Though the Hamas leadership is certainly happy over the sweeping Taliban victory in Afghanistan, the response in its media sites only faintly registered it. Felesteen, one of Hamas’s major media sites, made due with a brief derisive commentary of a video of President George W. Bush announcing the final and utter defeat of the Taliban in 2001. The dramatic events in Afghanistan elicited even less a response in the Fatah-dominated media and only casual mention in Hezbollah’s media organ, al-Manar, which reported that Tehran was making contact with the new regime in Kabul, which clearly threatens Iranian interests.
These responses contrasted sharply with the reactions to the dramatic rise of the Islamic State (ISIS), a kindred group to the Taliban, in the spring and summer of 2014, especially its defeat of the Iraqi army and takeover of Mosul, Iraq’s third largest city, and soon thereafter the temporary effacement of the Iraqi-Syrian border as ISIS expanded its hold of northern Iraq and southeastern and western Syria.
Such a contrast begs the question why the difference in response to two dramatic developments so similar to each other. For, though the Taliban victory over the imperialist/Christian/Infidel “West” took place on the fringes of the Middle East while the rise of ISIS took place in its heartland, the dimensions of the Taliban victory are far greater.
The Islamic State at its height controlled at most 150,000 square kilometers compared to more than four times that size under the Taliban’s sway. The ratio is even greater in terms of the number of people that came under their control: The Islamic State controlled at its height a population of six million people compared to the 30 million and more Afghanis who will chafe under Taliban rule.
It is also arguable that the Taliban’s defeat of the “West” is incomparably greater than that of ISIS during its rise, at least as it is playing out in recent days. From President Biden to British Foreign Secretary Raab, to German Chancellor Merkel and others – all have conceded defeat by announcing their resolve not to return to Afghanistan under any circumstances. By contrast, the response to ISIS, albeit not immediately, was the formation of a broad-based coalition that amassed considerable air power and ground forces to cripple the organization.
So why the lack of enthusiasm even amongst Sunni Islamist organizations such as Hamas?
Most of the answer can be found in the visual material provided by the major media sites, notably Aljazeera, depicting the total lack of enthusiasm to the Taliban takeover of Kabul by the “man in the street” in the capital city itself – with an emphasis on the man in the almost total absence of women in the streets during these unsettling, fearful times.

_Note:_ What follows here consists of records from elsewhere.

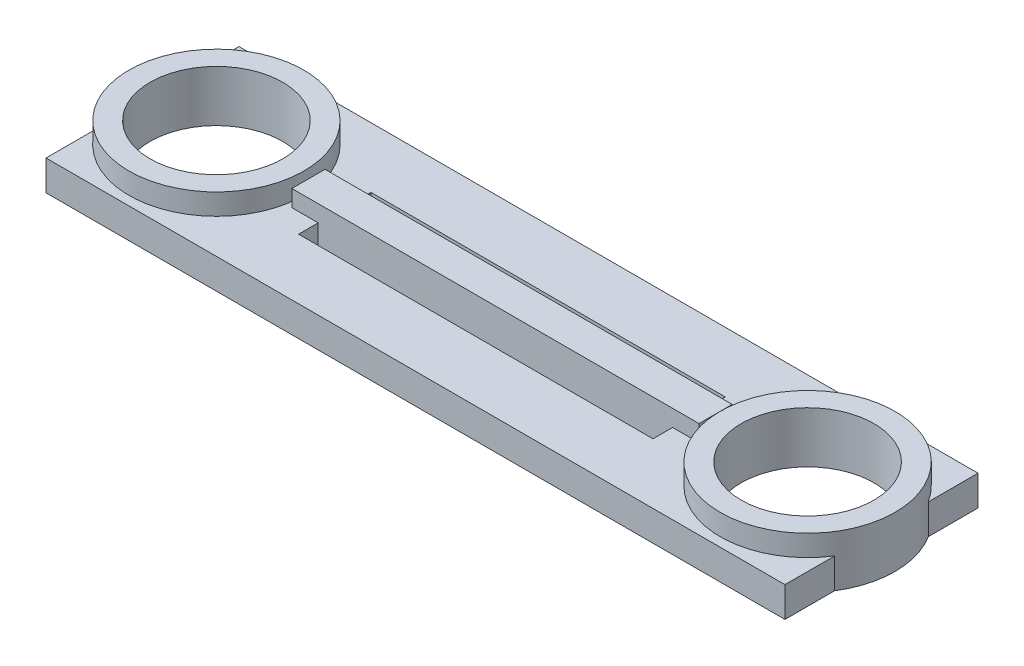
ISO-10303-21;
HEADER;
FILE_DESCRIPTION(('STEP AP214'),'2;1');
FILE_NAME('part.step','',(''),(''),'','','');
FILE_SCHEMA(('AUTOMOTIVE_DESIGN { 1 0 10303 214 1 1 1 1 }'));
ENDSEC;
DATA;
#1=APPLICATION_CONTEXT('core data for automotive mechanical design processes');
#2=APPLICATION_PROTOCOL_DEFINITION('international standard','automotive_design',2000,#1);
#3=PRODUCT_CONTEXT('',#1,'mechanical');
#4=PRODUCT('Part','Part','',(#3));
#5=PRODUCT_RELATED_PRODUCT_CATEGORY('part','',(#4));
#6=PRODUCT_DEFINITION_FORMATION('','',#4);
#7=PRODUCT_DEFINITION_CONTEXT('part definition',#1,'design');
#8=PRODUCT_DEFINITION('design','',#6,#7);
#9=PRODUCT_DEFINITION_SHAPE('','',#8);
#10=(LENGTH_UNIT() NAMED_UNIT(*) SI_UNIT(.MILLI.,.METRE.));
#11=(NAMED_UNIT(*) PLANE_ANGLE_UNIT() SI_UNIT($,.RADIAN.));
#12=(NAMED_UNIT(*) SI_UNIT($,.STERADIAN.) SOLID_ANGLE_UNIT());
#13=UNCERTAINTY_MEASURE_WITH_UNIT(LENGTH_MEASURE(1.E-05),#10,'distance_accuracy_value','');
#14=(GEOMETRIC_REPRESENTATION_CONTEXT(3) GLOBAL_UNCERTAINTY_ASSIGNED_CONTEXT((#13)) GLOBAL_UNIT_ASSIGNED_CONTEXT((#10,
#11,#12)) REPRESENTATION_CONTEXT('',''));
#15=CARTESIAN_POINT('',(0.,0.,0.));
#16=DIRECTION('',(0.,0.,1.));
#17=DIRECTION('',(1.,0.,0.));
#18=AXIS2_PLACEMENT_3D('',#15,#16,#17);
#19=CARTESIAN_POINT('',(0.,20.,0.));
#20=DIRECTION('',(0.,-1.,0.));
#21=DIRECTION('',(0.,0.,-1.));
#22=AXIS2_PLACEMENT_3D('',#19,#20,#21);
#23=PLANE('',#22);
#24=CARTESIAN_POINT('',(196.,20.,0.));
#25=DIRECTION('',(0.,-1.,0.));
#26=DIRECTION('',(0.,0.,-1.));
#27=AXIS2_PLACEMENT_3D('',#24,#25,#26);
#28=CIRCLE('',#27,58.);
#29=CARTESIAN_POINT('',(245.,20.,-31.0322412983658));
#30=VERTEX_POINT('',#29);
#31=CARTESIAN_POINT('',(245.,20.,31.0322412983658));
#32=VERTEX_POINT('',#31);
#33=EDGE_CURVE('E229',#30,#32,#28,.F.);
#34=ORIENTED_EDGE('',*,*,#33,.F.);
#35=DIRECTION('',(0.,0.,-1.));
#36=VECTOR('',#35,1.);
#37=CARTESIAN_POINT('',(245.,20.,64.));
#38=LINE('',#37,#36);
#39=CARTESIAN_POINT('',(245.,20.,-64.));
#40=VERTEX_POINT('',#39);
#41=EDGE_CURVE('E290',#30,#40,#38,.T.);
#42=ORIENTED_EDGE('',*,*,#41,.T.);
#43=DIRECTION('',(-1.,0.,0.));
#44=VECTOR('',#43,1.);
#45=CARTESIAN_POINT('',(-245.,20.,-64.));
#46=LINE('',#45,#44);
#47=CARTESIAN_POINT('',(-245.,20.,-64.));
#48=VERTEX_POINT('',#47);
#49=EDGE_CURVE('E289',#40,#48,#46,.T.);
#50=ORIENTED_EDGE('',*,*,#49,.T.);
#51=DIRECTION('',(0.,0.,1.));
#52=VECTOR('',#51,1.);
#53=CARTESIAN_POINT('',(-245.,20.,64.));
#54=LINE('',#53,#52);
#55=CARTESIAN_POINT('',(-245.,20.,-31.0322412983658));
#56=VERTEX_POINT('',#55);
#57=EDGE_CURVE('E293',#48,#56,#54,.T.);
#58=ORIENTED_EDGE('',*,*,#57,.T.);
#59=CARTESIAN_POINT('',(-196.,20.,0.));
#60=DIRECTION('',(0.,-1.,0.));
#61=DIRECTION('',(0.,0.,-1.));
#62=AXIS2_PLACEMENT_3D('',#59,#60,#61);
#63=CIRCLE('',#62,58.);
#64=CARTESIAN_POINT('',(-245.,20.,31.0322412983658));
#65=VERTEX_POINT('',#64);
#66=EDGE_CURVE('E239',#65,#56,#63,.F.);
#67=ORIENTED_EDGE('',*,*,#66,.F.);
#68=CARTESIAN_POINT('',(-245.,20.,64.));
#69=VERTEX_POINT('',#68);
#70=EDGE_CURVE('E292',#65,#69,#54,.T.);
#71=ORIENTED_EDGE('',*,*,#70,.T.);
#72=DIRECTION('',(1.,0.,0.));
#73=VECTOR('',#72,1.);
#74=CARTESIAN_POINT('',(-245.,20.,64.));
#75=LINE('',#74,#73);
#76=CARTESIAN_POINT('',(245.,20.,64.));
#77=VERTEX_POINT('',#76);
#78=EDGE_CURVE('E296',#69,#77,#75,.T.);
#79=ORIENTED_EDGE('',*,*,#78,.T.);
#80=EDGE_CURVE('E286',#77,#32,#38,.T.);
#81=ORIENTED_EDGE('',*,*,#80,.T.);
#82=EDGE_LOOP('',(#34,#42,#50,#58,#67,#71,#79,#81));
#83=FACE_BOUND('',#82,.T.);
#84=DIRECTION('',(-1.,0.,0.));
#85=VECTOR('',#84,1.);
#86=CARTESIAN_POINT('',(0.,20.,-11.));
#87=LINE('',#86,#85);
#88=CARTESIAN_POINT('',(-117.5,20.,-11.));
#89=VERTEX_POINT('',#88);
#90=CARTESIAN_POINT('',(-135.,20.,-11.));
#91=VERTEX_POINT('',#90);
#92=EDGE_CURVE('E211',#89,#91,#87,.T.);
#93=ORIENTED_EDGE('',*,*,#92,.F.);
#94=DIRECTION('',(0.,0.,1.));
#95=VECTOR('',#94,1.);
#96=CARTESIAN_POINT('',(-117.5,20.,24.));
#97=LINE('',#96,#95);
#98=CARTESIAN_POINT('',(-117.5,20.,-24.));
#99=VERTEX_POINT('',#98);
#100=EDGE_CURVE('E252',#99,#89,#97,.T.);
#101=ORIENTED_EDGE('',*,*,#100,.F.);
#102=DIRECTION('',(-1.,0.,0.));
#103=VECTOR('',#102,1.);
#104=CARTESIAN_POINT('',(-117.5,20.,-24.));
#105=LINE('',#104,#103);
#106=CARTESIAN_POINT('',(117.5,20.,-24.));
#107=VERTEX_POINT('',#106);
#108=EDGE_CURVE('E248',#107,#99,#105,.T.);
#109=ORIENTED_EDGE('',*,*,#108,.F.);
#110=DIRECTION('',(0.,0.,-1.));
#111=VECTOR('',#110,1.);
#112=CARTESIAN_POINT('',(117.5,20.,24.));
#113=LINE('',#112,#111);
#114=CARTESIAN_POINT('',(117.5,20.,-11.));
#115=VERTEX_POINT('',#114);
#116=EDGE_CURVE('E249',#115,#107,#113,.T.);
#117=ORIENTED_EDGE('',*,*,#116,.F.);
#118=CARTESIAN_POINT('',(135.,20.,-11.));
#119=VERTEX_POINT('',#118);
#120=EDGE_CURVE('E214',#119,#115,#87,.T.);
#121=ORIENTED_EDGE('',*,*,#120,.F.);
#122=DIRECTION('',(0.,0.,-1.));
#123=VECTOR('',#122,1.);
#124=CARTESIAN_POINT('',(135.,20.,0.));
#125=LINE('',#124,#123);
#126=CARTESIAN_POINT('',(135.,20.,11.));
#127=VERTEX_POINT('',#126);
#128=EDGE_CURVE('E199',#127,#119,#125,.T.);
#129=ORIENTED_EDGE('',*,*,#128,.F.);
#130=DIRECTION('',(1.,0.,0.));
#131=VECTOR('',#130,1.);
#132=CARTESIAN_POINT('',(0.,20.,11.));
#133=LINE('',#132,#131);
#134=CARTESIAN_POINT('',(117.5,20.,11.));
#135=VERTEX_POINT('',#134);
#136=EDGE_CURVE('E204',#135,#127,#133,.T.);
#137=ORIENTED_EDGE('',*,*,#136,.F.);
#138=CARTESIAN_POINT('',(117.5,20.,24.));
#139=VERTEX_POINT('',#138);
#140=EDGE_CURVE('E245',#139,#135,#113,.T.);
#141=ORIENTED_EDGE('',*,*,#140,.F.);
#142=DIRECTION('',(1.,0.,0.));
#143=VECTOR('',#142,1.);
#144=CARTESIAN_POINT('',(-117.5,20.,24.));
#145=LINE('',#144,#143);
#146=CARTESIAN_POINT('',(-117.5,20.,24.));
#147=VERTEX_POINT('',#146);
#148=EDGE_CURVE('E255',#147,#139,#145,.T.);
#149=ORIENTED_EDGE('',*,*,#148,.F.);
#150=CARTESIAN_POINT('',(-117.5,20.,11.));
#151=VERTEX_POINT('',#150);
#152=EDGE_CURVE('E251',#151,#147,#97,.T.);
#153=ORIENTED_EDGE('',*,*,#152,.F.);
#154=CARTESIAN_POINT('',(-135.,20.,11.));
#155=VERTEX_POINT('',#154);
#156=EDGE_CURVE('E200',#155,#151,#133,.T.);
#157=ORIENTED_EDGE('',*,*,#156,.F.);
#158=DIRECTION('',(0.,0.,1.));
#159=VECTOR('',#158,1.);
#160=CARTESIAN_POINT('',(-135.,20.,0.));
#161=LINE('',#160,#159);
#162=EDGE_CURVE('E217',#91,#155,#161,.T.);
#163=ORIENTED_EDGE('',*,*,#162,.F.);
#164=EDGE_LOOP('',(#93,#101,#109,#117,#121,#129,#137,#141,#149,#153,#157,#163));
#165=FACE_BOUND('',#164,.T.);
#166=ADVANCED_FACE('F39',(#83,#165),#23,.F.);
#167=CARTESIAN_POINT('',(117.5,20.,24.));
#168=DIRECTION('',(-1.,0.,0.));
#169=DIRECTION('',(0.,0.,1.));
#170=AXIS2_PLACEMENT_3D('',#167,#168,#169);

Much as the Hamas leadership is happy to see the like-minded Taliban triumphant, it finds it difficult to “sell” what looks more of a warlords’ takeover than the triumph of an Islamic revolutionary movement.
While the western media focuses on two aspects of this lack of enthusiasm – the fear of Taliban retribution against former incumbents and the fear that women’s rights will be curtailed if not abolished – these effect a relatively small percentage of the population.
For most of the six million residents of greater Kabul, the Taliban takeover – marked by a mass exodus of Western diplomats, army personnel, and foreign non-governmental agencies and their personnel, coupled with the flight of most well-to-do Afghanis – will mean an immediate descent into poverty, not only amongst the many shop and service providers to such a clientele and the thousands who worked directly with them, but amongst the far wider circles of Afghanis who serviced those who serviced the foreigners.
Ironically, those who realize this lack of enthusiasm most are the Taliban leaders themselves. One of this leadership’s first moves was to provide assurances that the diplomatic and business community that backed the deposed regime will not be harmed.
No doubt, the Taliban government will find alternative sources of income. Extorting the Chinese will be one such channel as Kabul will demand payoffs from Beijing in return to putting a brake on the promotion of Islamist terrorism in northwestern China. Similar deals will probably be ironed out with neighboring gold- and gas-rich Uzbekistan and gas-rich Turkmenistan.
Alas, these payoffs will most likely go exclusively to the new/old political class rather than to their suffering subjects.
It might be little comfort to the “infidel” or “imperialist” West, but at least their largesse improved the lives of Afghanis for twenty years. Hopefully, the faint memory of such prosperity might serve in the more distant future as the harbinger of change towards a democratic Afghanistan that lives at peace with itself, its neighbors, and the world at large.